How to setup sampler client role correctly?

I have DGL working perfectly fine in a distributed setting using default num_worker=0 (which does sampler without a pool my understanding). Now I am extending it to using multiple samplers for higher sampling throughput.

In the server process, I did this:

start_server():
os.environ[“DGL_DIST_MODE”] = “distributed”
os.environ[“DGL_ROLE”] = “server”
os.environ[“DGL_SERVER_ID”] = str(self._rank)
g = DistGraphServer( … , disable_shared_mem=False,)
g.start()

In the training/client process, I did this:

def sagemain(ip_config_file, local_partition_file, args, rank):
os.environ[“DGL_DIST_MODE”] = “distributed”
os.environ[“DGL_ROLE”] = “client”
os.environ[‘DGL_NUM_SAMPLER’] = “3”
dgl.distributed.initialize(ip_config_file, num_worker=3)

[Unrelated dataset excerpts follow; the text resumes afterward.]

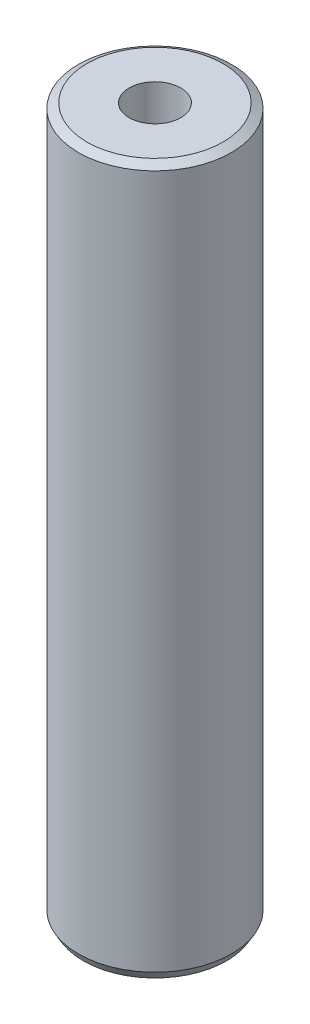
ISO-10303-21;
HEADER;
FILE_DESCRIPTION(('STEP AP214'),'2;1');
FILE_NAME('part.step','',(''),(''),'','','');
FILE_SCHEMA(('AUTOMOTIVE_DESIGN { 1 0 10303 214 1 1 1 1 }'));
ENDSEC;
DATA;
#1=APPLICATION_CONTEXT('core data for automotive mechanical design processes');
#2=APPLICATION_PROTOCOL_DEFINITION('international standard','automotive_design',2000,#1);
#3=PRODUCT_CONTEXT('',#1,'mechanical');
#4=PRODUCT('Part','Part','',(#3));
#5=PRODUCT_RELATED_PRODUCT_CATEGORY('part','',(#4));
#6=PRODUCT_DEFINITION_FORMATION('','',#4);
#7=PRODUCT_DEFINITION_CONTEXT('part definition',#1,'design');
#8=PRODUCT_DEFINITION('design','',#6,#7);
#9=PRODUCT_DEFINITION_SHAPE('','',#8);
#10=(LENGTH_UNIT() NAMED_UNIT(*) SI_UNIT(.MILLI.,.METRE.));
#11=(NAMED_UNIT(*) PLANE_ANGLE_UNIT() SI_UNIT($,.RADIAN.));
#12=(NAMED_UNIT(*) SI_UNIT($,.STERADIAN.) SOLID_ANGLE_UNIT());
#13=UNCERTAINTY_MEASURE_WITH_UNIT(LENGTH_MEASURE(1.E-05),#10,'distance_accuracy_value','');
#14=(GEOMETRIC_REPRESENTATION_CONTEXT(3) GLOBAL_UNCERTAINTY_ASSIGNED_CONTEXT((#13)) GLOBAL_UNIT_ASSIGNED_CONTEXT((#10,
#11,#12)) REPRESENTATION_CONTEXT('',''));
#15=CARTESIAN_POINT('',(0.,0.,0.));
#16=DIRECTION('',(0.,0.,1.));
#17=DIRECTION('',(1.,0.,0.));
#18=AXIS2_PLACEMENT_3D('',#15,#16,#17);
#19=CARTESIAN_POINT('',(0.,277.401554563949,0.));
#20=DIRECTION('',(0.,-1.,0.));
#21=DIRECTION('',(0.,0.,-1.));
#22=AXIS2_PLACEMENT_3D('',#19,#20,#21);
#23=CYLINDRICAL_SURFACE('',#22,30.);
#24=CARTESIAN_POINT('',(0.,275.486842857775,0.));
#25=DIRECTION('',(0.,1.,0.));
#26=DIRECTION('',(0.,0.,1.));
#27=AXIS2_PLACEMENT_3D('',#24,#25,#26);
#28=CIRCLE('',#27,30.);
#29=CARTESIAN_POINT('',(0.,275.486842857775,30.));
#30=VERTEX_POINT('',#29);
#31=EDGE_CURVE('E50',#30,#30,#28,.F.);
#32=ORIENTED_EDGE('',*,*,#31,.T.);
#33=EDGE_LOOP('',(#32));
#34=FACE_BOUND('',#33,.T.);
#35=CARTESIAN_POINT('',(0.,3.31637795694023,0.));
#36=DIRECTION('',(0.,1.,0.));
#37=DIRECTION('',(0.,0.,1.));
#38=AXIS2_PLACEMENT_3D('',#35,#36,#37);
#39=CIRCLE('',#38,30.);
#40=CARTESIAN_POINT('',(0.,3.31637795694023,30.));
#41=VERTEX_POINT('',#40);
#42=EDGE_CURVE('E51',#41,#41,#39,.T.);
#43=ORIENTED_EDGE('',*,*,#42,.T.);
#44=EDGE_LOOP('',(#43));
#45=FACE_BOUND('',#44,.T.);
#46=ADVANCED_FACE('F39',(#34,#45),#23,.T.);
#47=CARTESIAN_POINT('',(0.,277.401554563949,0.));
#48=DIRECTION('',(0.,1.,0.));
#49=DIRECTION('',(0.,0.,1.));
#50=AXIS2_PLACEMENT_3D('',#47,#48,#49);
#51=PLANE('',#50);
#52=CARTESIAN_POINT('',(0.,277.401554563949,0.));
#53=DIRECTION('',(0.,1.,0.));
#54=DIRECTION('',(0.,0.,1.));
#55=AXIS2_PLACEMENT_3D('',#52,#53,#54);
#56=CIRCLE('',#55,26.6836220430597);
#57=CARTESIAN_POINT('',(0.,277.401554563949,26.6836220430597));
#58=VERTEX_POINT('',#57);
#59=EDGE_CURVE('E54',#58,#58,#56,.T.);
#60=ORIENTED_EDGE('',*,*,#59,.T.);
#61=EDGE_LOOP('',(#60));
#62=FACE_BOUND('',#61,.T.);
#63=CARTESIAN_POINT('',(0.,277.401554563949,0.));
#64=DIRECTION('',(0.,1.,0.));
#65=DIRECTION('',(0.,0.,1.));
#66=AXIS2_PLACEMENT_3D('',#63,#64,#65);
#67=CIRCLE('',#66,10.1236448507395);
#68=CARTESIAN_POINT('',(0.,277.401554563949,10.1236448507395));
#69=VERTEX_POINT('',#68);
#70=EDGE_CURVE('E58',#69,#69,#67,.T.);
#71=ORIENTED_EDGE('',*,*,#70,.F.);
#72=EDGE_LOOP('',(#71));
#73=FACE_BOUND('',#72,.T.);
#74=ADVANCED_FACE('F69',(#62,#73),#51,.T.);
#75=CARTESIAN_POINT('',(0.,0.,0.));
#76=DIRECTION('',(0.,1.,0.));
#77=DIRECTION('',(0.,0.,1.));
#78=AXIS2_PLACEMENT_3D('',#75,#76,#77);
#79=PLANE('',#78);
#80=CARTESIAN_POINT('',(0.,0.,0.));
#81=DIRECTION('',(0.,1.,0.));
#82=DIRECTION('',(0.,0.,1.));
#83=AXIS2_PLACEMENT_3D('',#80,#81,#82);
#84=CIRCLE('',#83,28.085288293826);
#85=CARTESIAN_POINT('',(0.,0.,28.085288293826));
#86=VERTEX_POINT('',#85);
#87=EDGE_CURVE('E10',#86,#86,#84,.F.);
#88=ORIENTED_EDGE('',*,*,#87,.T.);
#89=EDGE_LOOP('',(#88));
#90=FACE_BOUND('',#89,.T.);
#91=CARTESIAN_POINT('',(0.,0.,0.));
#92=DIRECTION('',(0.,1.,0.));
#93=DIRECTION('',(0.,0.,1.));
#94=AXIS2_PLACEMENT_3D('',#91,#92,#93);
#95=CIRCLE('',#94,10.1236448507395);
#96=CARTESIAN_POINT('',(0.,0.,10.1236448507395));
#97=VERTEX_POINT('',#96);
#98=EDGE_CURVE('E63',#97,#97,#95,.T.);
#99=ORIENTED_EDGE('',*,*,#98,.T.);
#100=EDGE_LOOP('',(#99));
#101=FACE_BOUND('',#100,.T.);
#102=ADVANCED_FACE('F75',(#90,#101),#79,.F.);
#103=CARTESIAN_POINT('',(0.,277.401554563949,0.));
#104=DIRECTION('',(0.,-1.,0.));
#105=DIRECTION('',(0.,0.,-1.));
#106=AXIS2_PLACEMENT_3D('',#103,#104,#105);
#107=CYLINDRICAL_SURFACE('',#106,10.1236448507395);
#108=ORIENTED_EDGE('',*,*,#70,.T.);
#109=EDGE_LOOP('',(#108));
#110=FACE_BOUND('',#109,.T.);
#111=ORIENTED_EDGE('',*,*,#98,.F.);
#112=EDGE_LOOP('',(#111));
#113=FACE_BOUND('',#112,.T.);
#114=ADVANCED_FACE('F70',(#110,#113),#107,.F.);
#115=CARTESIAN_POINT('',(0.,277.401554563949,0.));
#116=DIRECTION('',(0.,-1.,0.));
#117=DIRECTION('',(0.,0.,-1.));
#118=AXIS2_PLACEMENT_3D('',#115,#116,#117);
#119=CONICAL_SURFACE('',#118,26.6836220430597,1.0471975511966);
#120=ORIENTED_EDGE('',*,*,#31,.F.);
#121=EDGE_LOOP('',(#120));
#122=FACE_BOUND('',#121,.T.);
#123=ORIENTED_EDGE('',*,*,#59,.F.);
#124=EDGE_LOOP('',(#123));
#125=FACE_BOUND('',#124,.T.);
#126=ADVANCED_FACE('F81',(#122,#125),#119,.T.);
#127=CARTESIAN_POINT('',(0.,3.31637795694023,0.));
#128=DIRECTION('',(0.,1.,0.));
#129=DIRECTION('',(0.,0.,1.));
#130=AXIS2_PLACEMENT_3D('',#127,#128,#129);
#131=CONICAL_SURFACE('',#130,30.,0.523598775598304);
#132=ORIENTED_EDGE('',*,*,#87,.F.);
#133=EDGE_LOOP('',(#132));
#134=FACE_BOUND('',#133,.T.);
#135=ORIENTED_EDGE('',*,*,#42,.F.);
#136=EDGE_LOOP('',(#135));
#137=FACE_BOUND('',#136,.T.);
#138=ADVANCED_FACE('F45',(#134,#137),#131,.T.);
#139=CLOSED_SHELL('',(#46,#74,#102,#114,#126,#138));
#140=MANIFOLD_SOLID_BREP('B2',#139);
#141=ADVANCED_BREP_SHAPE_REPRESENTATION('',(#18,#140),#14);
#142=SHAPE_DEFINITION_REPRESENTATION(#9,#141);
ENDSEC;
END-ISO-10303-21;

pb, _, _, _ = load_partition_book(local_partition_file, rank)
g = DistGraph(args.graph_name, gpb=pb)

model training starts from here

I pretty much followed what is done in launch.py. Then we run into error like this, complaining about key missing for ‘default’ role:

What needs to be done for this ‘default’ role? Searched doc and code but didn’t find anything helpful so far. In general, how to set up multiple-sampler properly for distributed environment? Any suggestions?

Thanks a lot!

Hi,

What’s your dgl version? Ideally the sampler role will be initiated at dgl/dist_context.py at 8bc91414e94f3f6bc9ce3e191a519a3973649487 · dmlc/dgl · GitHub

I am using master head.

Although the location you pointed sets “sampler” role, there is this place in role.py (dgl/role.py at master · dmlc/dgl · GitHub) that uses a hard coded “default” then look for related information. I believe that is the reason why this error and crash.

If it is required, where should I setup such a “default” role properly?

Thanks!

It should be set to default if DGL_ROLE is not server

a bit confused here. Then What is the difference between ‘client’ and ‘default’ ?

I thought the role should be ‘client’ because the code in launch script say so: dgl/launch.py at master · dmlc/dgl · GitHub

I agree this is confusing. May fix this in the future.

This topic was automatically closed 30 days after the last reply. New replies are no longer allowed.